Whenever you encounter a mean in the wild, I want you to visualise it like this:
Not very impressive is it? The mean is a one-dimensional thing. It does not tell you anything about the spread of the data, it just gives you a suggestion about where the centre might be. Never forget that it is just a suggestion.
You can think about an average as a centre of mass:
Where is the centre of mass on this broom? Is it the blue line or the pink cross? Go and find a broom if you’re unsure. It is the pink cross. Why? Because the heavy end of the broom pulls the centre of mass away from the centre of the broom toward itself. It turns out the same is true for data…
(This section based on by this excellent post by Michelle Paret)

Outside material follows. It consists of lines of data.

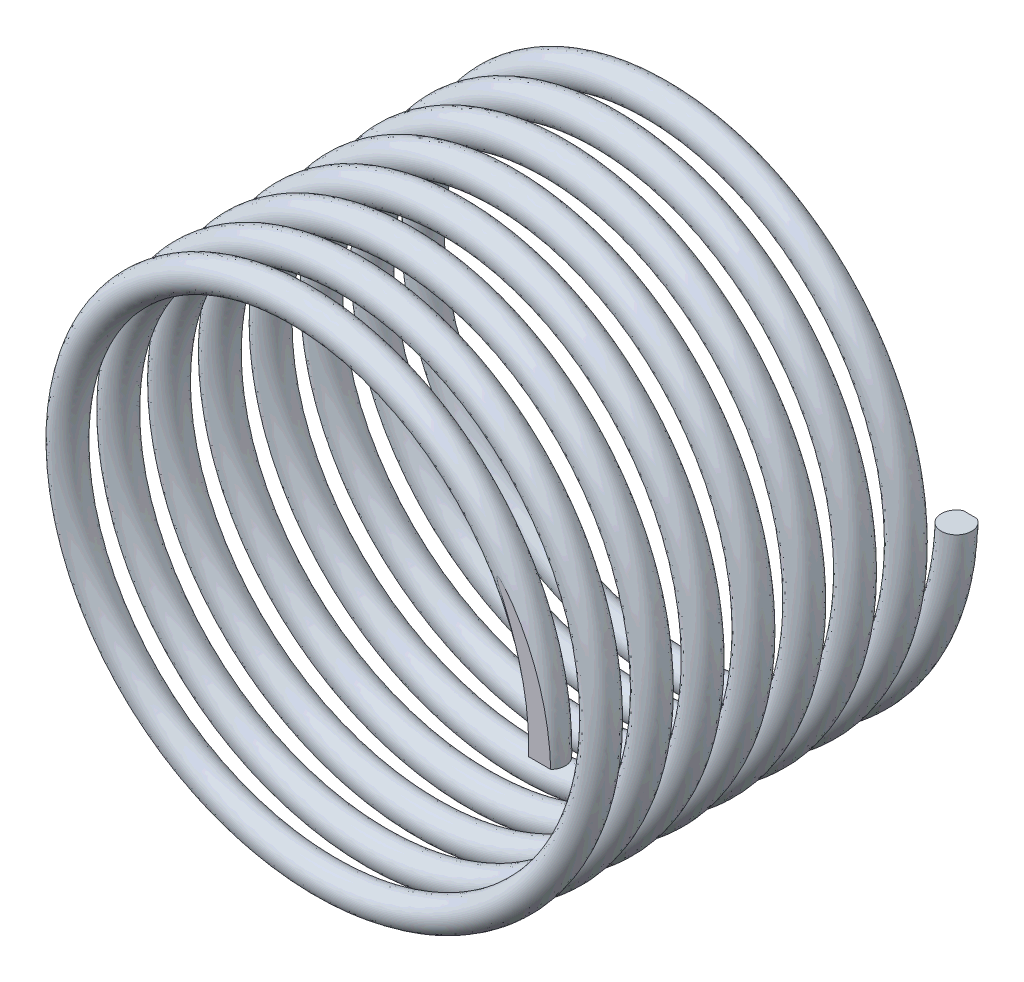
from build123d import *

# Parameters (mm, degrees)
SWEEP_1_PITCH             = 2
SWEEP_1_HEIGHT            = 16
SWEEP_1_RADIUS            = 10
SKETCH_2_R                = 0.6
CUT_EXTRUDE_START         = -3
CUT_EXTRUDE_1_OUTLINE_W   = 5
CUT_EXTRUDE_1_OUTLINE_H   = 1.462621481
CUT_EXTRUDE_1_OUTLINE_H_2 = 1.587378519
CUT_EXTRUDE_1_DEPTH       = 10


with BuildPart() as part:
    # 扫描1: sweep along a helix
    with BuildLine() as sweep_1_path:
        Helix(SWEEP_1_PITCH, SWEEP_1_HEIGHT, SWEEP_1_RADIUS, center=(0, 0, 0), direction=(0, 0, 1), lefthand=True)
    # 草图2 → 扫描1 (sweep)
    with BuildSketch(Plane(origin=(0, 0, 0), x_dir=(1, 0, 0), z_dir=(0, 1, 0))):
        with Locations((10, 0)):
            Circle(SKETCH_2_R)
    sweep(path=sweep_1_path.line, is_frenet=True)

    # 切除-拉伸1: read off the stored shape, not the designer's step
    # 切除-拉伸1 outline → 切除-拉伸1 (cut)
    with BuildSketch(Plane(origin=(0, 0, 0), x_dir=(1, 0, 0), z_dir=(0, 1, 0)).offset(CUT_EXTRUDE_START)):
        with Locations((9.5, 1.268689259)):
            Rectangle(CUT_EXTRUDE_1_OUTLINE_W, CUT_EXTRUDE_1_OUTLINE_H)
        with Locations((9.5, -17.206310741)):
            Rectangle(CUT_EXTRUDE_1_OUTLINE_W, CUT_EXTRUDE_1_OUTLINE_H_2)
    extrude(amount=CUT_EXTRUDE_1_DEPTH, mode=Mode.SUBTRACT)


solid = part.part

If I told you that the average starting salary for geography students at a particular university in the 1980s was over $80,000, you might think you’re doing the wrong degree. But let’s look at the data used to produce this average:
Major Lesson: The mean might represent nobody.
Michael Jordan is the heavy end of the broom here. The presence of Michael Jordan has nearly doubled the ‘average’ income* (without him it is around $40,000). We call observations like this ‘outliers’. MJ’s income is significantly larger than everyone else’s, there might be an argument for excluding him from analyses about the income of geography students.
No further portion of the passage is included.